▸ **EXERCISE**
Please write out exactly the lines of the data below from the line holding "#44=CARTESIAN_POINT('',(-155.575,-31.75,-31.75));" through the line holding "#78=EDGE_LOOP('',(#77));", and leave out the rest.

Records from a collection:
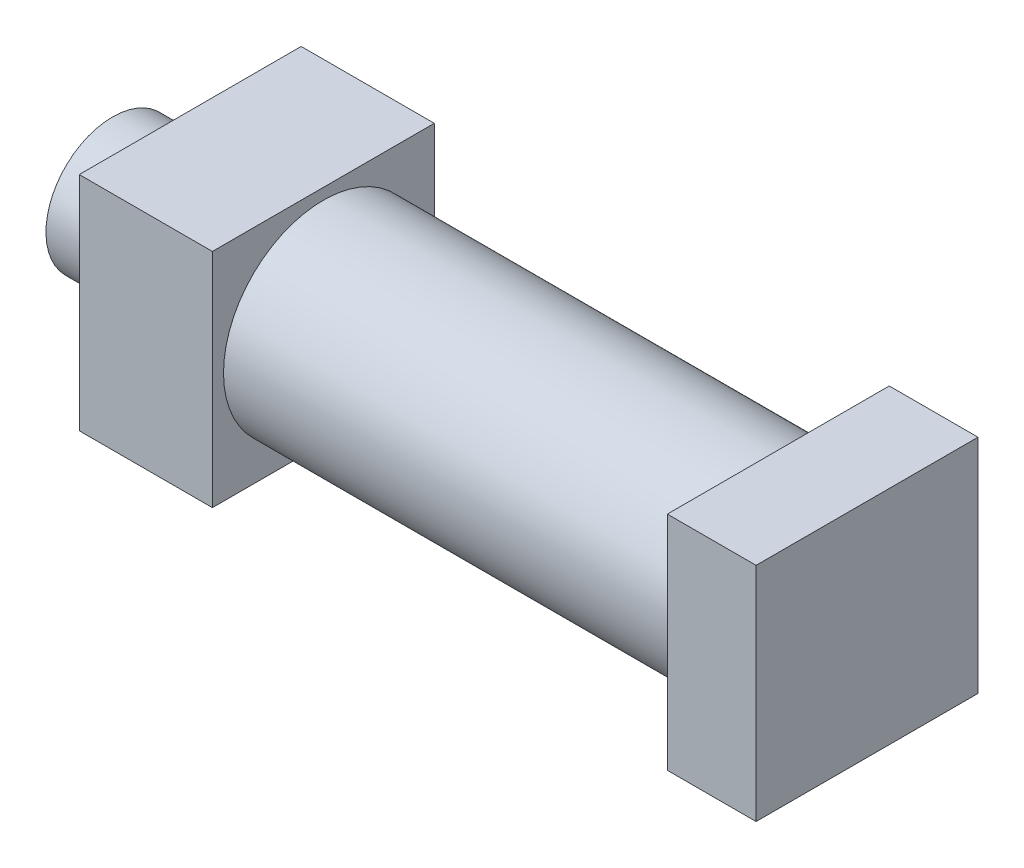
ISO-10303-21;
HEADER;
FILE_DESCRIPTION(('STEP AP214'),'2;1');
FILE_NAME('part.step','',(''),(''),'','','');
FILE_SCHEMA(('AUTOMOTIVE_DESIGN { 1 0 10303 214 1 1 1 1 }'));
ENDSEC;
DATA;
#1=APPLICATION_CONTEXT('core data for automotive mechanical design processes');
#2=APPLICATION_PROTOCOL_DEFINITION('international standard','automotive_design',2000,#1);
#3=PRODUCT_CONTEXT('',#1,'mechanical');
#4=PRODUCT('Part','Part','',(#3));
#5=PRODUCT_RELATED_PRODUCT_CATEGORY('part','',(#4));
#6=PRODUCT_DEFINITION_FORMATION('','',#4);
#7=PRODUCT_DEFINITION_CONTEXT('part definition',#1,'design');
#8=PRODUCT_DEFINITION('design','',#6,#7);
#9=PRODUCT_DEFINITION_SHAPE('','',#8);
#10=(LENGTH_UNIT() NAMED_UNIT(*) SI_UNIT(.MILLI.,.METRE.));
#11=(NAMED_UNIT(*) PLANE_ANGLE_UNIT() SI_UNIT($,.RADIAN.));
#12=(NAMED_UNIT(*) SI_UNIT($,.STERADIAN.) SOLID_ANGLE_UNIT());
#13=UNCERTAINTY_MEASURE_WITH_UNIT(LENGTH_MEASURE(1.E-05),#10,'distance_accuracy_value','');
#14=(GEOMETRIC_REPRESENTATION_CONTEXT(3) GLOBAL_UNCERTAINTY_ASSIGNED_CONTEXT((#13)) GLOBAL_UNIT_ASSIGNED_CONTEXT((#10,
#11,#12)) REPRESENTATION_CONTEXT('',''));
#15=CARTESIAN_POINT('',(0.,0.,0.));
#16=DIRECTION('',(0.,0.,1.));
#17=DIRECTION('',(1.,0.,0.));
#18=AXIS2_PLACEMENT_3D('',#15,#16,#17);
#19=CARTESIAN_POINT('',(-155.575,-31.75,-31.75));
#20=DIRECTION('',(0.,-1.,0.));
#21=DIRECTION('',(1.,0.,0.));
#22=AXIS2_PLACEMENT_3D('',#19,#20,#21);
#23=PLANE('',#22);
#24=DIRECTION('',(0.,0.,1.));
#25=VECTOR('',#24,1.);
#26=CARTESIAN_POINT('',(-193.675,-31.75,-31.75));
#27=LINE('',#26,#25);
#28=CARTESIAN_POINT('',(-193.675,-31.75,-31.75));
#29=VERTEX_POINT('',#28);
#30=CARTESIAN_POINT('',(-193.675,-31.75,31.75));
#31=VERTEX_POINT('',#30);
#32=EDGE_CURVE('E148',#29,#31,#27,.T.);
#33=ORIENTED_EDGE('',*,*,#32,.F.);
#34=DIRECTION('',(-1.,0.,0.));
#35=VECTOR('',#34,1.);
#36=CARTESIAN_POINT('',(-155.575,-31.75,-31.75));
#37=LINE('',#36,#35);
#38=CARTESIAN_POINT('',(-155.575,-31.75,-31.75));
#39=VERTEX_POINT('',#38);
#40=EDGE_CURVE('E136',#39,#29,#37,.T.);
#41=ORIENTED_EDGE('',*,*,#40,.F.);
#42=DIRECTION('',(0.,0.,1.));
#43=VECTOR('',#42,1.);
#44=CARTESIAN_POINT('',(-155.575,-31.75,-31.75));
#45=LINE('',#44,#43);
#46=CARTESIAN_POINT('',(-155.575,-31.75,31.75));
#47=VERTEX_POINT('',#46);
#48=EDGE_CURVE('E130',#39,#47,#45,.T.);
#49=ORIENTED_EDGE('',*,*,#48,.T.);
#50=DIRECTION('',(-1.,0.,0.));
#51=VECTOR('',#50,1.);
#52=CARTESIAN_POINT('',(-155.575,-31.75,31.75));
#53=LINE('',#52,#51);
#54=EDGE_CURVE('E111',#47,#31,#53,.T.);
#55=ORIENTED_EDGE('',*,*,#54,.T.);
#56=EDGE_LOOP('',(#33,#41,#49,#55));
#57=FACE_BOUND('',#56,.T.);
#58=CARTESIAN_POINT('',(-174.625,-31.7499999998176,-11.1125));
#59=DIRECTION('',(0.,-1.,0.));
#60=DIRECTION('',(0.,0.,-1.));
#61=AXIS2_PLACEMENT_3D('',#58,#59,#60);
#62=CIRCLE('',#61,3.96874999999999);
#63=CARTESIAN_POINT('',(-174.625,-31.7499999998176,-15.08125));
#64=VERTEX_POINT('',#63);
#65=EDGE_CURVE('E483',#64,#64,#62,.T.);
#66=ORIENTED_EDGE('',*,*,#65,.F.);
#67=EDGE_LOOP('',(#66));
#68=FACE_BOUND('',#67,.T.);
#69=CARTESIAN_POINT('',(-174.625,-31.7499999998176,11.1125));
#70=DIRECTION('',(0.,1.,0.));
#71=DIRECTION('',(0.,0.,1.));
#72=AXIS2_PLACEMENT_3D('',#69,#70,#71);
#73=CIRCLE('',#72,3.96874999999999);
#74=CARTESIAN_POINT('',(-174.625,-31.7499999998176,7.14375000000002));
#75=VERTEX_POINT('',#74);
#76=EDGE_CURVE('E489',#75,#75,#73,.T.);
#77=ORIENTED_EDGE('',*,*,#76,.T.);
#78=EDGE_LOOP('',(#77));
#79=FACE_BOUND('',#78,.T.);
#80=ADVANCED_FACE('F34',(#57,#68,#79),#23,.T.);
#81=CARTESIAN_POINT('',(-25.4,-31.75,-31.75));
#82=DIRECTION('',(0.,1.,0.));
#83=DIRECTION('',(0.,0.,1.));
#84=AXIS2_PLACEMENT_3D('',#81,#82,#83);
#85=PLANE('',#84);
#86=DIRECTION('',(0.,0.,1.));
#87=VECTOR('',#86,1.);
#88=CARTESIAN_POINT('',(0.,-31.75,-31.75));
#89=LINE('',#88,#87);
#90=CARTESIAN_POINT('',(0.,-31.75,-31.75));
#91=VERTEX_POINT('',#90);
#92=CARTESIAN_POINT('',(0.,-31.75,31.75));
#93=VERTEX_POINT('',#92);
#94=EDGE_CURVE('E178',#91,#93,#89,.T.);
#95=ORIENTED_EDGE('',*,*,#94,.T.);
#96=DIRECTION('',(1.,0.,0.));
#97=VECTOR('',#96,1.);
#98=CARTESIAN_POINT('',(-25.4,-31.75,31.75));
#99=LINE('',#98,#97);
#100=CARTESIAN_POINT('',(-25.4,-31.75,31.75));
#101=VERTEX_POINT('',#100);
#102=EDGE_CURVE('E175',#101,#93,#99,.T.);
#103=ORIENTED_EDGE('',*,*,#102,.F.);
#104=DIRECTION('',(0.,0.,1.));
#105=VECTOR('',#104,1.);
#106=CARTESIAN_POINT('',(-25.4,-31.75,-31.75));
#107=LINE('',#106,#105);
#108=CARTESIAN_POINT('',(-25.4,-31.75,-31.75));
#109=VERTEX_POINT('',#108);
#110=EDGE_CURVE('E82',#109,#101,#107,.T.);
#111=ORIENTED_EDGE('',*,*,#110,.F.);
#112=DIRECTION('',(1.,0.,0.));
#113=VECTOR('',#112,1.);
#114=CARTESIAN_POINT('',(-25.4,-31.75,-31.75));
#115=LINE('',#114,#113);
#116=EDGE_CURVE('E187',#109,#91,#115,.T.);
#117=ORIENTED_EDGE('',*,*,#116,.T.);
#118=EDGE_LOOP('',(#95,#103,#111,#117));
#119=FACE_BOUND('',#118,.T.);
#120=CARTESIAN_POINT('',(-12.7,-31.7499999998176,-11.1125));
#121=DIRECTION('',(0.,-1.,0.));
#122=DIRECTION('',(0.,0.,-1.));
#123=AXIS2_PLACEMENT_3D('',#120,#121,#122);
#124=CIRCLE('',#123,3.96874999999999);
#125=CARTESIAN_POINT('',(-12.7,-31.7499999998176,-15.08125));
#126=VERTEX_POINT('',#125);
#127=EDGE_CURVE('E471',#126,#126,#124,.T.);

▸ **EXERCISE OUTPUT**
#44=CARTESIAN_POINT('',(-155.575,-31.75,-31.75));
#45=LINE('',#44,#43);
#46=CARTESIAN_POINT('',(-155.575,-31.75,31.75));
#47=VERTEX_POINT('',#46);
#48=EDGE_CURVE('E130',#39,#47,#45,.T.);
#49=ORIENTED_EDGE('',*,*,#48,.T.);
#50=DIRECTION('',(-1.,0.,0.));
#51=VECTOR('',#50,1.);
#52=CARTESIAN_POINT('',(-155.575,-31.75,31.75));
#53=LINE('',#52,#51);
#54=EDGE_CURVE('E111',#47,#31,#53,.T.);
#55=ORIENTED_EDGE('',*,*,#54,.T.);
#56=EDGE_LOOP('',(#33,#41,#49,#55));
#57=FACE_BOUND('',#56,.T.);
#58=CARTESIAN_POINT('',(-174.625,-31.7499999998176,-11.1125));
#59=DIRECTION('',(0.,-1.,0.));
#60=DIRECTION('',(0.,0.,-1.));
#61=AXIS2_PLACEMENT_3D('',#58,#59,#60);
#62=CIRCLE('',#61,3.96874999999999);
#63=CARTESIAN_POINT('',(-174.625,-31.7499999998176,-15.08125));
#64=VERTEX_POINT('',#63);
#65=EDGE_CURVE('E483',#64,#64,#62,.T.);
#66=ORIENTED_EDGE('',*,*,#65,.F.);
#67=EDGE_LOOP('',(#66));
#68=FACE_BOUND('',#67,.T.);
#69=CARTESIAN_POINT('',(-174.625,-31.7499999998176,11.1125));
#70=DIRECTION('',(0.,1.,0.));
#71=DIRECTION('',(0.,0.,1.));
#72=AXIS2_PLACEMENT_3D('',#69,#70,#71);
#73=CIRCLE('',#72,3.96874999999999);
#74=CARTESIAN_POINT('',(-174.625,-31.7499999998176,7.14375000000002));
#75=VERTEX_POINT('',#74);
#76=EDGE_CURVE('E489',#75,#75,#73,.T.);
#77=ORIENTED_EDGE('',*,*,#76,.T.);
#78=EDGE_LOOP('',(#77));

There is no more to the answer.